I love so much that you felt your daughters' spirits. Imagine if they had been there with you, looking out for you, for like 20 years, and you never even knew they were there the whole time. Now you will always know that they are with you, all you have to do is say their beautiful angelic names xxx
I just said their names, with as much love as I could muster, out loud.
This is a beautiful post. :)I love the way you talk about your girls. Their names are beautiful...just beautiful.
Part of the healing process is learning to find joy in them...not an easy task...*Hugs*
They are definitely beautiful names. This is a lovely, inspiring post.
I also really struggle with thinking of my baby as happy or associating happiness with him so I think it's a great leap forward to feel that with Isobel and Jovita, even if it's only sometimes. Their names are beautiful, as I am sure they were too.
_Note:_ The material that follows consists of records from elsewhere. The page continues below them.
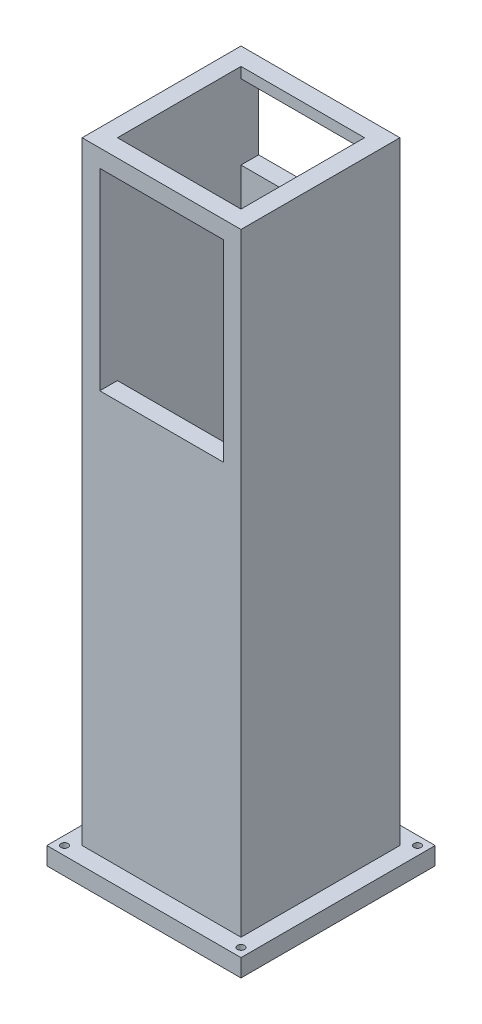
ISO-10303-21;
HEADER;
FILE_DESCRIPTION(('STEP AP214'),'2;1');
FILE_NAME('part.step','',(''),(''),'','','');
FILE_SCHEMA(('AUTOMOTIVE_DESIGN { 1 0 10303 214 1 1 1 1 }'));
ENDSEC;
DATA;
#1=APPLICATION_CONTEXT('core data for automotive mechanical design processes');
#2=APPLICATION_PROTOCOL_DEFINITION('international standard','automotive_design',2000,#1);
#3=PRODUCT_CONTEXT('',#1,'mechanical');
#4=PRODUCT('Part','Part','',(#3));
#5=PRODUCT_RELATED_PRODUCT_CATEGORY('part','',(#4));
#6=PRODUCT_DEFINITION_FORMATION('','',#4);
#7=PRODUCT_DEFINITION_CONTEXT('part definition',#1,'design');
#8=PRODUCT_DEFINITION('design','',#6,#7);
#9=PRODUCT_DEFINITION_SHAPE('','',#8);
#10=(LENGTH_UNIT() NAMED_UNIT(*) SI_UNIT(.MILLI.,.METRE.));
#11=(NAMED_UNIT(*) PLANE_ANGLE_UNIT() SI_UNIT($,.RADIAN.));
#12=(NAMED_UNIT(*) SI_UNIT($,.STERADIAN.) SOLID_ANGLE_UNIT());
#13=UNCERTAINTY_MEASURE_WITH_UNIT(LENGTH_MEASURE(1.E-05),#10,'distance_accuracy_value','');
#14=(GEOMETRIC_REPRESENTATION_CONTEXT(3) GLOBAL_UNCERTAINTY_ASSIGNED_CONTEXT((#13)) GLOBAL_UNIT_ASSIGNED_CONTEXT((#10,
#11,#12)) REPRESENTATION_CONTEXT('',''));
#15=CARTESIAN_POINT('',(0.,0.,0.));
#16=DIRECTION('',(0.,0.,1.));
#17=DIRECTION('',(1.,0.,0.));
#18=AXIS2_PLACEMENT_3D('',#15,#16,#17);
#19=CARTESIAN_POINT('',(-17.5,0.,17.5));
#20=DIRECTION('',(0.,0.,1.));
#21=DIRECTION('',(1.,0.,0.));
#22=AXIS2_PLACEMENT_3D('',#19,#20,#21);
#23=PLANE('',#22);
#24=DIRECTION('',(0.,1.,0.));
#25=VECTOR('',#24,1.);
#26=CARTESIAN_POINT('',(-17.5,0.,17.5));
#27=LINE('',#26,#25);
#28=CARTESIAN_POINT('',(-17.5,268.612120728358,17.5));
#29=VERTEX_POINT('',#28);
#30=CARTESIAN_POINT('',(-17.5,273.612120728358,17.5));
#31=VERTEX_POINT('',#30);
#32=EDGE_CURVE('E332',#29,#31,#27,.T.);
#33=ORIENTED_EDGE('',*,*,#32,.T.);
#34=DIRECTION('',(1.,0.,0.));
#35=VECTOR('',#34,1.);
#36=CARTESIAN_POINT('',(-17.5,273.612120728358,17.5));
#37=LINE('',#36,#35);
#38=CARTESIAN_POINT('',(17.5,273.612120728358,17.5));
#39=VERTEX_POINT('',#38);
#40=EDGE_CURVE('E278',#31,#39,#37,.T.);
#41=ORIENTED_EDGE('',*,*,#40,.T.);
#42=DIRECTION('',(0.,1.,0.));
#43=VECTOR('',#42,1.);
#44=CARTESIAN_POINT('',(17.5,0.,17.5));
#45=LINE('',#44,#43);
#46=CARTESIAN_POINT('',(17.5,268.612120728358,17.5));
#47=VERTEX_POINT('',#46);
#48=EDGE_CURVE('E345',#47,#39,#45,.T.);
#49=ORIENTED_EDGE('',*,*,#48,.F.);
#50=DIRECTION('',(-1.,0.,0.));
#51=VECTOR('',#50,1.);
#52=CARTESIAN_POINT('',(-17.5,268.612120728358,17.5));
#53=LINE('',#52,#51);
#54=EDGE_CURVE('E382',#47,#29,#53,.T.);
#55=ORIENTED_EDGE('',*,*,#54,.T.);
#56=EDGE_LOOP('',(#33,#41,#49,#55));
#57=FACE_BOUND('',#56,.T.);
#58=ADVANCED_FACE('F42',(#57),#23,.F.);
#59=CARTESIAN_POINT('',(-17.5,0.,-17.5));
#60=DIRECTION('',(0.,0.,1.));
#61=DIRECTION('',(1.,0.,0.));
#62=AXIS2_PLACEMENT_3D('',#59,#60,#61);
#63=PLANE('',#62);
#64=DIRECTION('',(1.,0.,0.));
#65=VECTOR('',#64,1.);
#66=CARTESIAN_POINT('',(-17.5,273.612120728358,-17.5));
#67=LINE('',#66,#65);
#68=CARTESIAN_POINT('',(-17.5,273.612120728358,-17.5));
#69=VERTEX_POINT('',#68);
#70=CARTESIAN_POINT('',(17.5,273.612120728358,-17.5));
#71=VERTEX_POINT('',#70);
#72=EDGE_CURVE('E66',#69,#71,#67,.T.);
#73=ORIENTED_EDGE('',*,*,#72,.F.);
#74=DIRECTION('',(0.,1.,0.));
#75=VECTOR('',#74,1.);
#76=CARTESIAN_POINT('',(-17.5,0.,-17.5));
#77=LINE('',#76,#75);
#78=CARTESIAN_POINT('',(-17.5,270.587205010945,-17.5));
#79=VERTEX_POINT('',#78);
#80=EDGE_CURVE('E353',#79,#69,#77,.T.);
#81=ORIENTED_EDGE('',*,*,#80,.F.);
#82=DIRECTION('',(1.,0.,0.));
#83=VECTOR('',#82,1.);
#84=CARTESIAN_POINT('',(-17.5,270.587205010945,-17.5));
#85=LINE('',#84,#83);
#86=CARTESIAN_POINT('',(17.5,270.587205010945,-17.5));
#87=VERTEX_POINT('',#86);
#88=EDGE_CURVE('E371',#79,#87,#85,.T.);
#89=ORIENTED_EDGE('',*,*,#88,.T.);
#90=DIRECTION('',(0.,1.,0.));
#91=VECTOR('',#90,1.);
#92=CARTESIAN_POINT('',(17.5,0.,-17.5));
#93=LINE('',#92,#91);
#94=EDGE_CURVE('E349',#87,#71,#93,.T.);
#95=ORIENTED_EDGE('',*,*,#94,.T.);
#96=EDGE_LOOP('',(#73,#81,#89,#95));
#97=FACE_BOUND('',#96,.T.);
#98=ADVANCED_FACE('F396',(#97),#63,.T.);
#99=CARTESIAN_POINT('',(22.5,300.,22.5));
#100=DIRECTION('',(-1.,0.,0.));
#101=DIRECTION('',(0.,0.,1.));
#102=AXIS2_PLACEMENT_3D('',#99,#100,#101);
#103=PLANE('',#102);
#104=DIRECTION('',(0.,-1.,0.));
#105=VECTOR('',#104,1.);
#106=CARTESIAN_POINT('',(22.5,300.,22.5));
#107=LINE('',#106,#105);
#108=CARTESIAN_POINT('',(22.5,273.612120728358,22.5));
#109=VERTEX_POINT('',#108);
#110=CARTESIAN_POINT('',(22.5,100.,22.5));
#111=VERTEX_POINT('',#110);
#112=EDGE_CURVE('E357',#109,#111,#107,.T.);
#113=ORIENTED_EDGE('',*,*,#112,.T.);
#114=DIRECTION('',(0.,0.,1.));
#115=VECTOR('',#114,1.);
#116=CARTESIAN_POINT('',(22.5,100.,22.5));
#117=LINE('',#116,#115);
#118=CARTESIAN_POINT('',(22.5,100.,-22.5));
#119=VERTEX_POINT('',#118);
#120=EDGE_CURVE('E231',#119,#111,#117,.T.);
#121=ORIENTED_EDGE('',*,*,#120,.F.);
#122=DIRECTION('',(0.,-1.,0.));
#123=VECTOR('',#122,1.);
#124=CARTESIAN_POINT('',(22.5,300.,-22.5));
#125=LINE('',#124,#123);
#126=CARTESIAN_POINT('',(22.5,273.612120728358,-22.5));
#127=VERTEX_POINT('',#126);
#128=EDGE_CURVE('E367',#127,#119,#125,.T.);
#129=ORIENTED_EDGE('',*,*,#128,.F.);
#130=DIRECTION('',(0.,0.,1.));
#131=VECTOR('',#130,1.);
#132=CARTESIAN_POINT('',(22.5,273.612120728358,-22.5));
#133=LINE('',#132,#131);
#134=EDGE_CURVE('E270',#127,#109,#133,.T.);
#135=ORIENTED_EDGE('',*,*,#134,.T.);
#136=EDGE_LOOP('',(#113,#121,#129,#135));
#137=FACE_BOUND('',#136,.T.);
#138=ADVANCED_FACE('F44',(#137),#103,.F.);
#139=CARTESIAN_POINT('',(-22.5,300.,-22.5));
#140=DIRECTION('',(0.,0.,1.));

What a wonderful way of thinking of this. So glad that you came to this and are able to think of your beautiful daughters in a more positive way and say their beautiful names. Many blessings to you.
Beautiful names. I hope you always feel them with you.
wow, that is so powerful and moving. So beautiful both the names and your words.
i was guided to your blog by my dear friend april at eclectic effervescence. we are always looking for bloggers that are actually really great writers. and you are. there is no question that you can pluck the words right out of your heart. thank you for sharing. and i am so, so sorry for the beautiful little girls that were lost. and i'm am glad for you to be seeking some acceptance in their energy that is still with you. i don't know know you, but please believe me, you are very much in my heart and thoughts.
I totally believe they are there with you.
Huh, the word verification below says: wails.
How beautiful. I hope you continue to remember this and to rejoice in it day to day.
I want to add - just in case you recall that I don't believe in a spirit world - that my first paragraph is sincere. Just because I don't believe doesn't mean it isn't true and if it is only true for you, why not appreciate what that brings?